*WHAT IS BEING ASKED*:
Filter the entries that follow, copying every line in which the word "also" appears.

+ + + +

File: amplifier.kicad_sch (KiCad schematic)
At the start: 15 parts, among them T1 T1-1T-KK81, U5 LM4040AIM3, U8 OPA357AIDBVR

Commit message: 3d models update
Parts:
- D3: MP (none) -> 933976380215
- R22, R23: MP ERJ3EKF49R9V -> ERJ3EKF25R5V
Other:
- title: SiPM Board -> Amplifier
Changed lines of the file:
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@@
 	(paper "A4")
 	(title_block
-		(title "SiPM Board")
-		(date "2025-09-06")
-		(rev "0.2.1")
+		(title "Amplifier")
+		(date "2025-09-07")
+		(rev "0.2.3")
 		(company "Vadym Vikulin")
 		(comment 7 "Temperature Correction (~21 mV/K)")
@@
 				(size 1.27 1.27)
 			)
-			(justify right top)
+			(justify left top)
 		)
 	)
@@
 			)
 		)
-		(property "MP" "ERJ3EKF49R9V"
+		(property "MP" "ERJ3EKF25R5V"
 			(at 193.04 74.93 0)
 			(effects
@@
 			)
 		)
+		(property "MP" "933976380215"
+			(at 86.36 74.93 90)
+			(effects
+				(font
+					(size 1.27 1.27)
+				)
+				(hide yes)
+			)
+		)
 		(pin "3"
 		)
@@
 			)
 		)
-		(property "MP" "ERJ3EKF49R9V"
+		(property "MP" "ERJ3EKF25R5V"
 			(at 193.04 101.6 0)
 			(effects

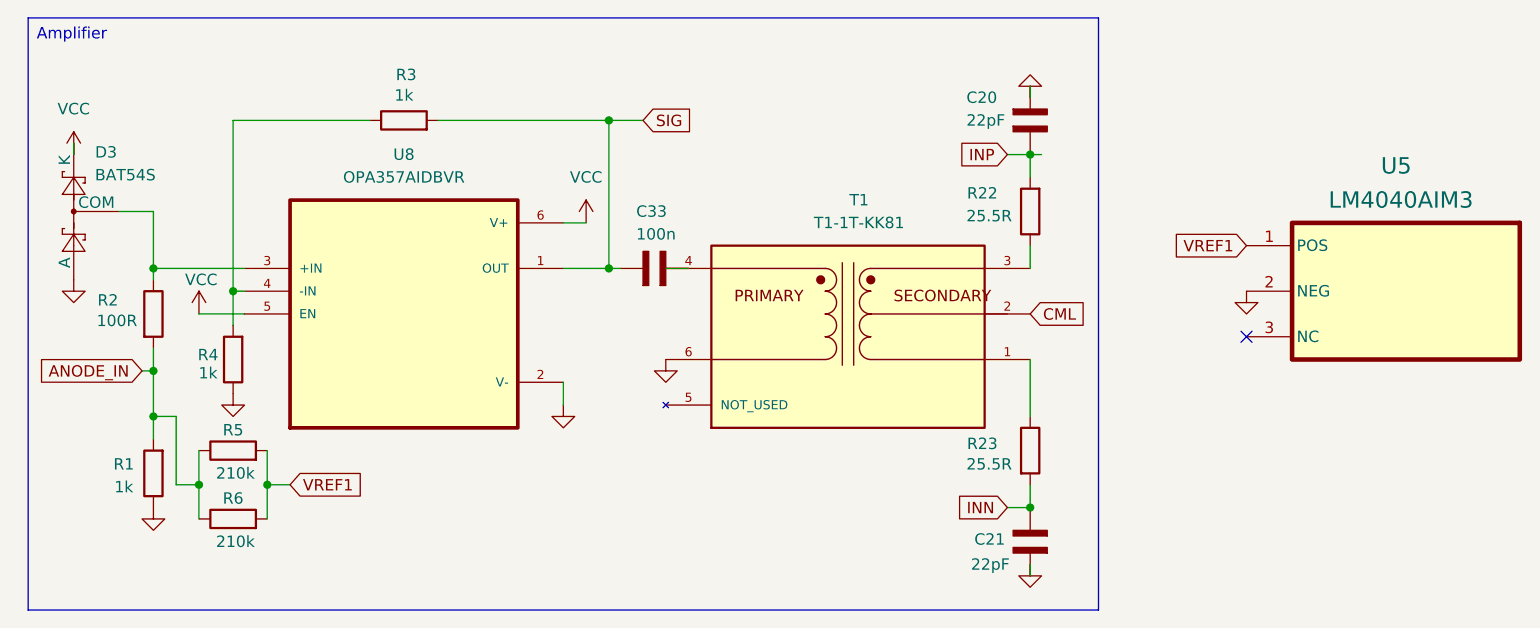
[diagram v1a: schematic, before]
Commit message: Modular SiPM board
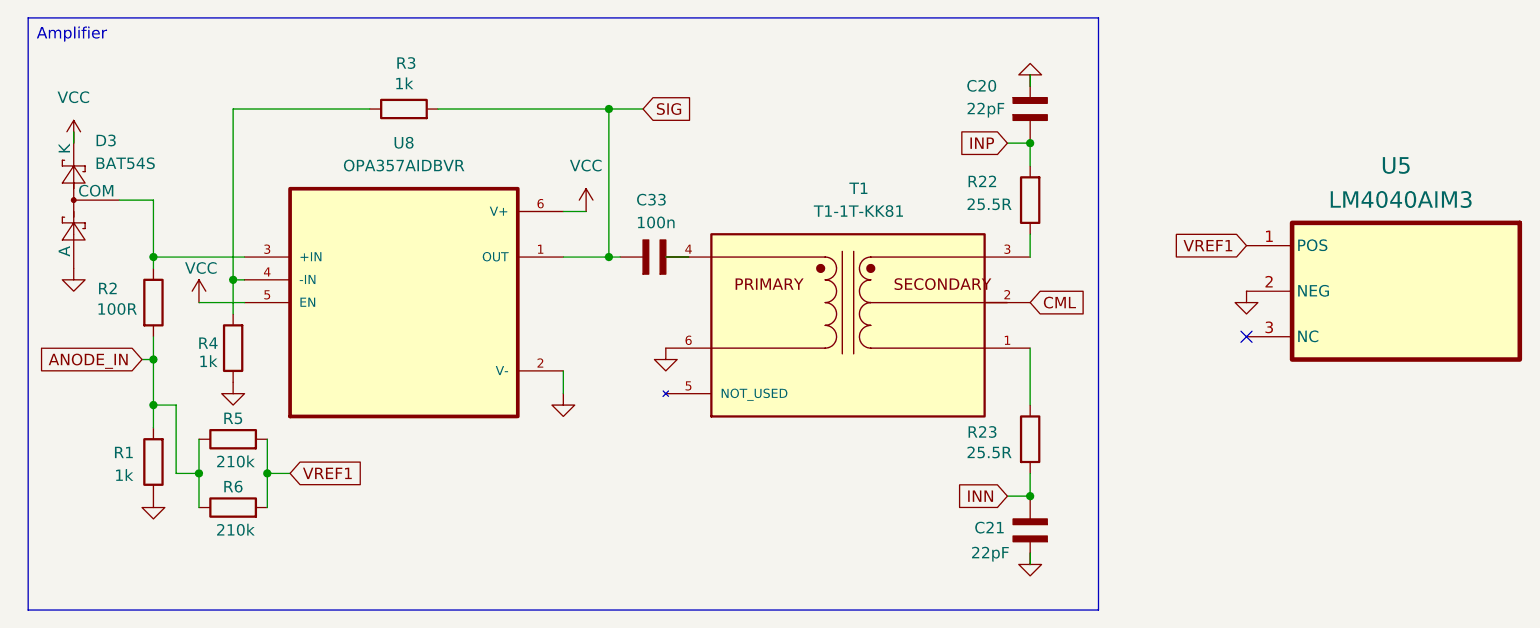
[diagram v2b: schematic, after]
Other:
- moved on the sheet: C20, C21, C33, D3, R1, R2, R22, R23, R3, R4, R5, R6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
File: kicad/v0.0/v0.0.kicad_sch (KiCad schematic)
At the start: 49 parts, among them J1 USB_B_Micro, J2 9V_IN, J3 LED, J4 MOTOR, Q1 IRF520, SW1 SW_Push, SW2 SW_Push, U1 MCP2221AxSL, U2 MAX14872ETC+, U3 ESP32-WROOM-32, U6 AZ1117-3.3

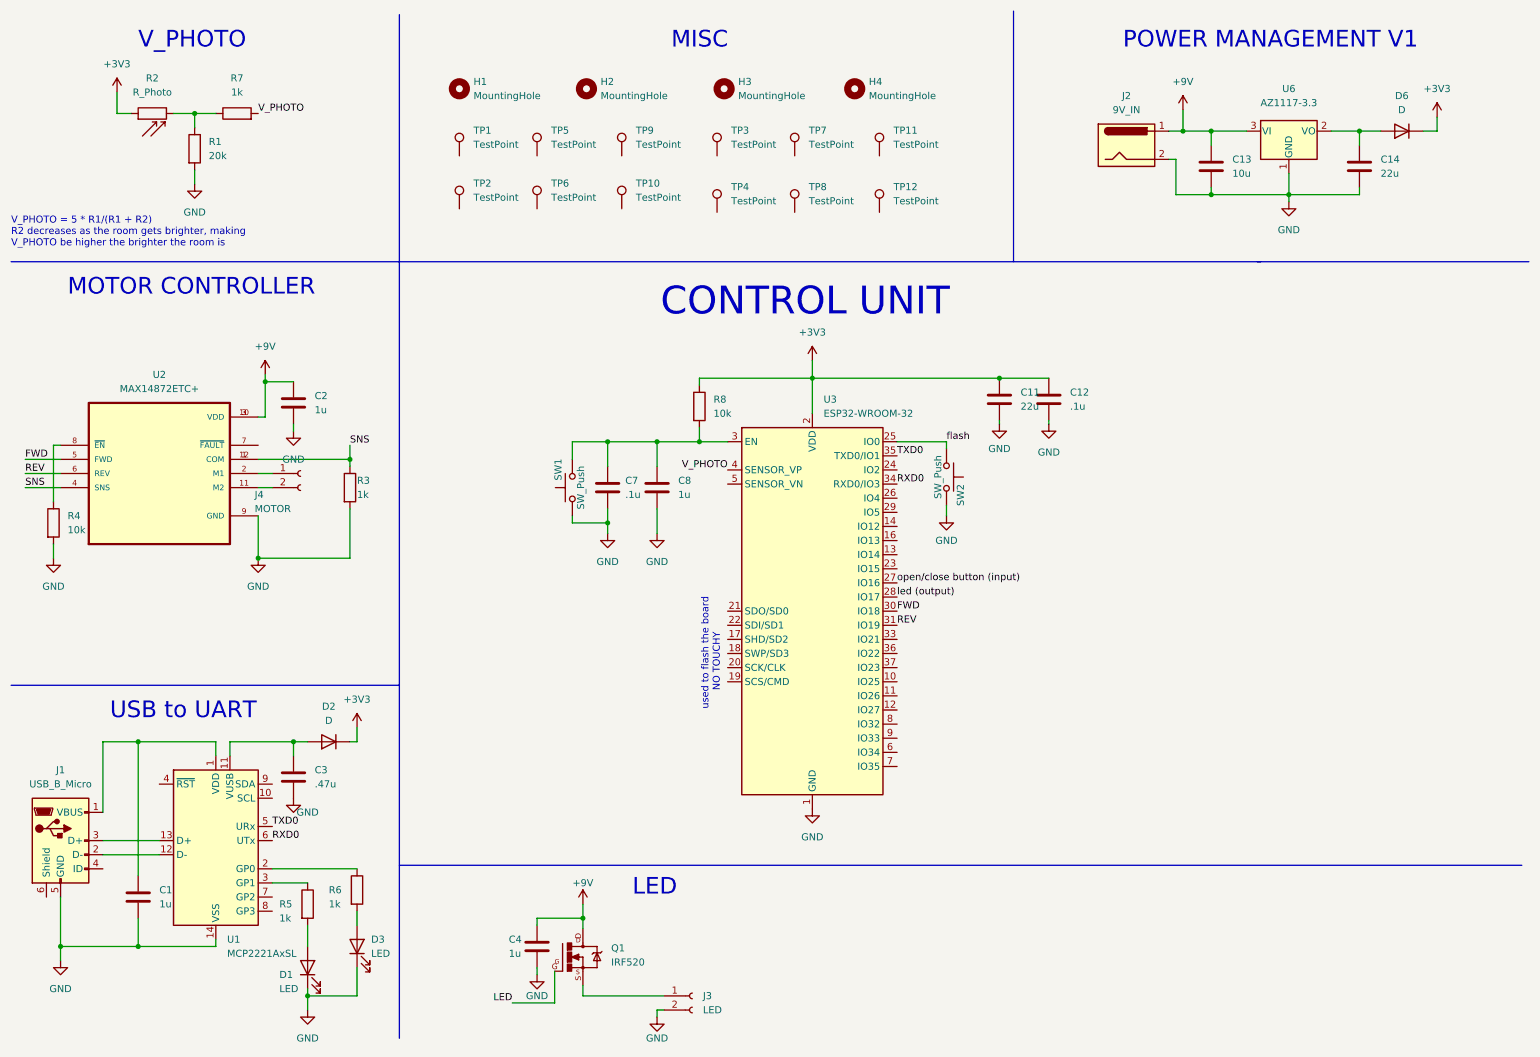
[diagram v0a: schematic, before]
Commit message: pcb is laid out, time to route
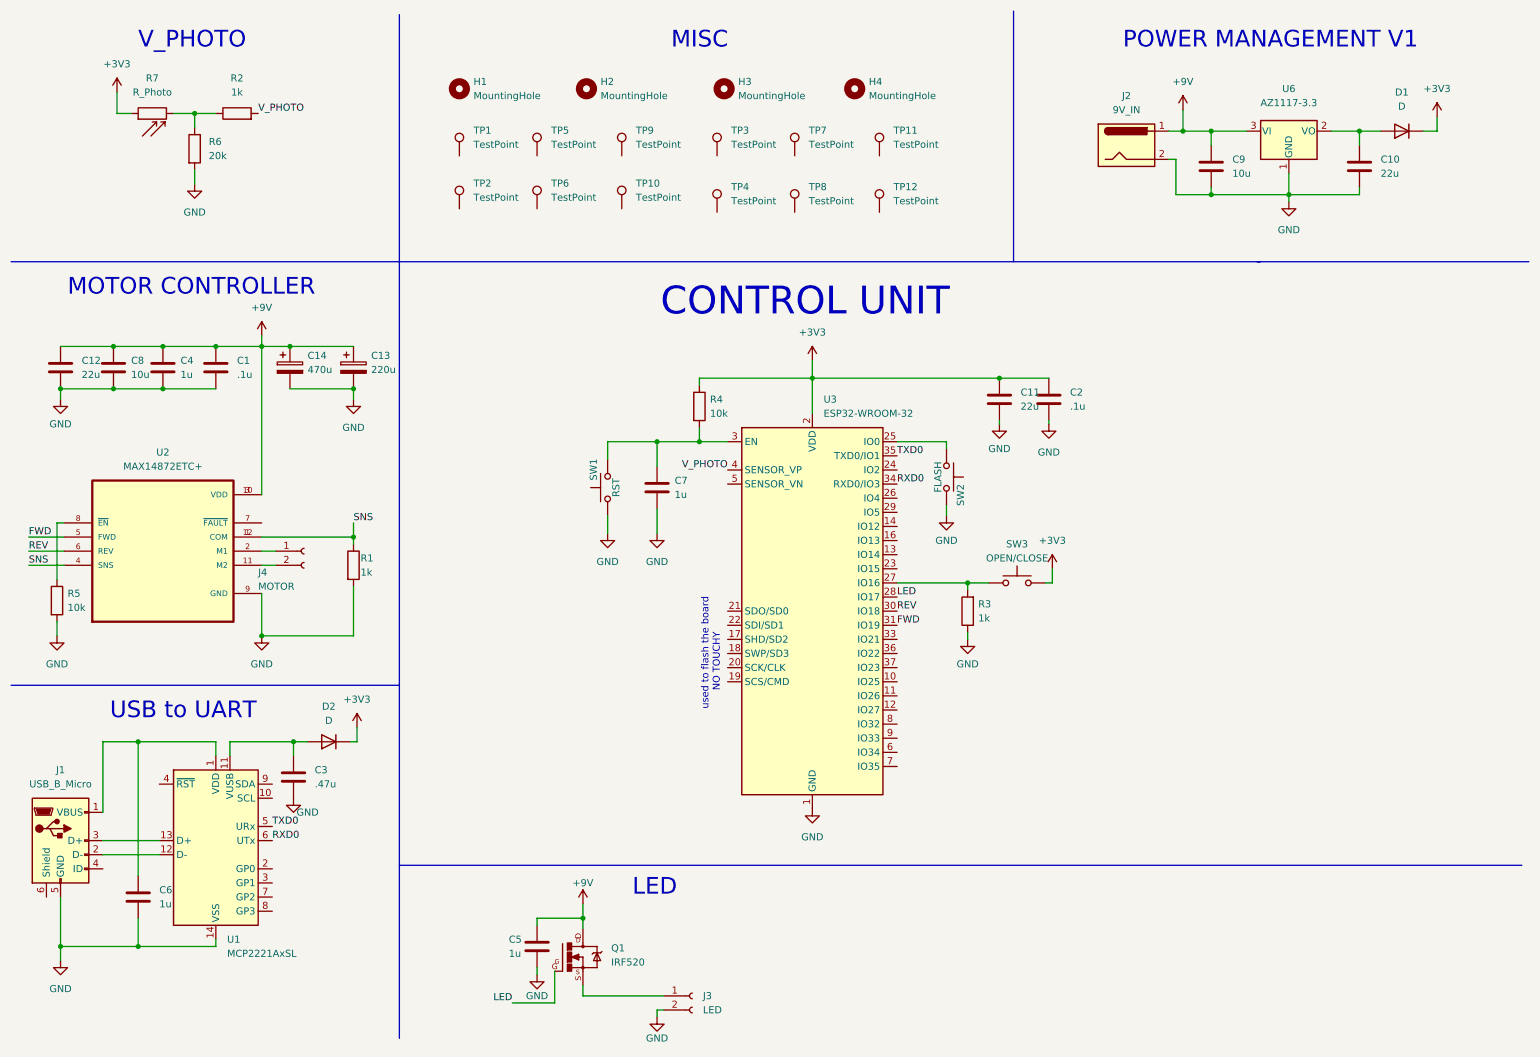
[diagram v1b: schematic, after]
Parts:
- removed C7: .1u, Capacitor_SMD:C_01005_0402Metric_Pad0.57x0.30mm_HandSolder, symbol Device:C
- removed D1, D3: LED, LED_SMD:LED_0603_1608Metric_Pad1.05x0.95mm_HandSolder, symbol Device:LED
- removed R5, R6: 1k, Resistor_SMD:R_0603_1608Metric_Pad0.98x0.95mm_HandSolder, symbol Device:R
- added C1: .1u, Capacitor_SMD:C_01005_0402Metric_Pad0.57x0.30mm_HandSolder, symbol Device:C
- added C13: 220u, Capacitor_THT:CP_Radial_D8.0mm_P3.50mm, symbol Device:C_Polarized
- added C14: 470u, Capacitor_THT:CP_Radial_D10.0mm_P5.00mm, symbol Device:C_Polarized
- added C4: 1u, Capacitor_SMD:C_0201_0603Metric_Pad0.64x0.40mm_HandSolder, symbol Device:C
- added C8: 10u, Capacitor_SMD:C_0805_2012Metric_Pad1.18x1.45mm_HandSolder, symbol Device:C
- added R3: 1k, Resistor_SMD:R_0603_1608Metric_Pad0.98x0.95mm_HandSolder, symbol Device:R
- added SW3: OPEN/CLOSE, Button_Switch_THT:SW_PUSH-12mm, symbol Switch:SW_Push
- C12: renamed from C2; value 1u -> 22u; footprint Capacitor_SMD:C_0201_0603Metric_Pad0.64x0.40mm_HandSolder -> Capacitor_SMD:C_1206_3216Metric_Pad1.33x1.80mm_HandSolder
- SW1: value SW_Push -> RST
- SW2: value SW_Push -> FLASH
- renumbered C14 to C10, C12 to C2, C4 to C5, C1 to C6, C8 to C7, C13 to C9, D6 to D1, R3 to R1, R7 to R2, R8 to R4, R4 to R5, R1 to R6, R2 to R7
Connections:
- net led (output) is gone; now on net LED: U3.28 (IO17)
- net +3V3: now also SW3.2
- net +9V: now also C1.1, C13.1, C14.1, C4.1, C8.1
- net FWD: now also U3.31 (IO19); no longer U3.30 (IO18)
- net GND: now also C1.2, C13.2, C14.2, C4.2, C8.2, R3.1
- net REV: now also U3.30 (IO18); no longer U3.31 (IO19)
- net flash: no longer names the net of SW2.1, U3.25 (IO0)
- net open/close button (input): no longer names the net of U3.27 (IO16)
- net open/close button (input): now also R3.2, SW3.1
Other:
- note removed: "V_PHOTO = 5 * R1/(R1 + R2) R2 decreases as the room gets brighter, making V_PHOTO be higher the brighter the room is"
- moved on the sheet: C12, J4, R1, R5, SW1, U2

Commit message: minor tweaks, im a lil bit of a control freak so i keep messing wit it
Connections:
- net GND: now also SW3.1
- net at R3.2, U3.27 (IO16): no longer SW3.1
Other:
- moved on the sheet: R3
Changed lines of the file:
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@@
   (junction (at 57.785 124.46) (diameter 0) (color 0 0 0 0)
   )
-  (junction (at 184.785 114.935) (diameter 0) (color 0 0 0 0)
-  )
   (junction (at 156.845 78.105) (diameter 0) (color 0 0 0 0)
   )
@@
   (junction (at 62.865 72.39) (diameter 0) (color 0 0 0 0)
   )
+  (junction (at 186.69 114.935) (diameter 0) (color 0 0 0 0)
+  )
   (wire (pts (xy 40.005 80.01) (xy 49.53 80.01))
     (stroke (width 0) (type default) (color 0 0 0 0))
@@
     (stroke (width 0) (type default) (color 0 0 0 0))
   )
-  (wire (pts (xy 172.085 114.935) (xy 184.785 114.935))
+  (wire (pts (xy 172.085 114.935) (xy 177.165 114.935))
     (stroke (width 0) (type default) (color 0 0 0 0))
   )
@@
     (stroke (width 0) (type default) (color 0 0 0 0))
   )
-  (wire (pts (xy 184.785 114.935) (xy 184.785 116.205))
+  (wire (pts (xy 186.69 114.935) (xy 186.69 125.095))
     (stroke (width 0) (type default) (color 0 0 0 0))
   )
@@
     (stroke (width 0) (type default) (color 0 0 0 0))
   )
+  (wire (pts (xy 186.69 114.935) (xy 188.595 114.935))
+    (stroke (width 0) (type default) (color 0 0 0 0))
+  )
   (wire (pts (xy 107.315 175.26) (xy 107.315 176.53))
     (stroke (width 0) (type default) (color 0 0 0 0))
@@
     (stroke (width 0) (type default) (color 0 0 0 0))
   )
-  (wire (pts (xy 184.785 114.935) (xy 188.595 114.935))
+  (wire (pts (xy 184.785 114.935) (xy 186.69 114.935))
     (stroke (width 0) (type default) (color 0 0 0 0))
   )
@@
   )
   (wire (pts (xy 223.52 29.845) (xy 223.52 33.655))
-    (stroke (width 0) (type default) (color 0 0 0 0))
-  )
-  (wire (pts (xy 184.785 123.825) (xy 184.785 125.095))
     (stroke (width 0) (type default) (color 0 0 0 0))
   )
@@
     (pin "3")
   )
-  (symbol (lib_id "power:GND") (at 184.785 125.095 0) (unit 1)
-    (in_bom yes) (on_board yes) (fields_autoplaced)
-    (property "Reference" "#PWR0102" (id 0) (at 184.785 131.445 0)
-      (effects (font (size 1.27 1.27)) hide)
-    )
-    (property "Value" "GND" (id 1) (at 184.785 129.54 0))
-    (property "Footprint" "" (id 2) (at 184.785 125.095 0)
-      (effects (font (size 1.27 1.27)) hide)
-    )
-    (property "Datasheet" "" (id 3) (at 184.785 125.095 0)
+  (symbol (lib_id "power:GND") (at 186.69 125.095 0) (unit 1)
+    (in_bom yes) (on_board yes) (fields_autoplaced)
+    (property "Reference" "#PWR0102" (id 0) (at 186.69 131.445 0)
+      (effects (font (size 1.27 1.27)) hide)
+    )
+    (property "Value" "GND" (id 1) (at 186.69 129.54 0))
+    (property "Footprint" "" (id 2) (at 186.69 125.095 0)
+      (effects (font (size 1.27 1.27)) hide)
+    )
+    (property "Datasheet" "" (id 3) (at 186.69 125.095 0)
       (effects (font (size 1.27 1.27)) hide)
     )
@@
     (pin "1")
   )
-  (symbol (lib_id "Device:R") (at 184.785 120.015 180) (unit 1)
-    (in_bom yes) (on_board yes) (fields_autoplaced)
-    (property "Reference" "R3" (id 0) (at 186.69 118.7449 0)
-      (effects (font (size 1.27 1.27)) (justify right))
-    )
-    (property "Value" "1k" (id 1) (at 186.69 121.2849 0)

+ + + +

*REPLY TO THE TASK*:
- net +3V3: now also SW3.2
- net +9V: now also C1.1, C13.1, C14.1, C4.1, C8.1
- net FWD: now also U3.31 (IO19); no longer U3.30 (IO18)
- net GND: now also C1.2, C13.2, C14.2, C4.2, C8.2, R3.1
- net REV: now also U3.30 (IO18); no longer U3.31 (IO19)
- net open/close button (input): now also R3.2, SW3.1
- net GND: now also SW3.1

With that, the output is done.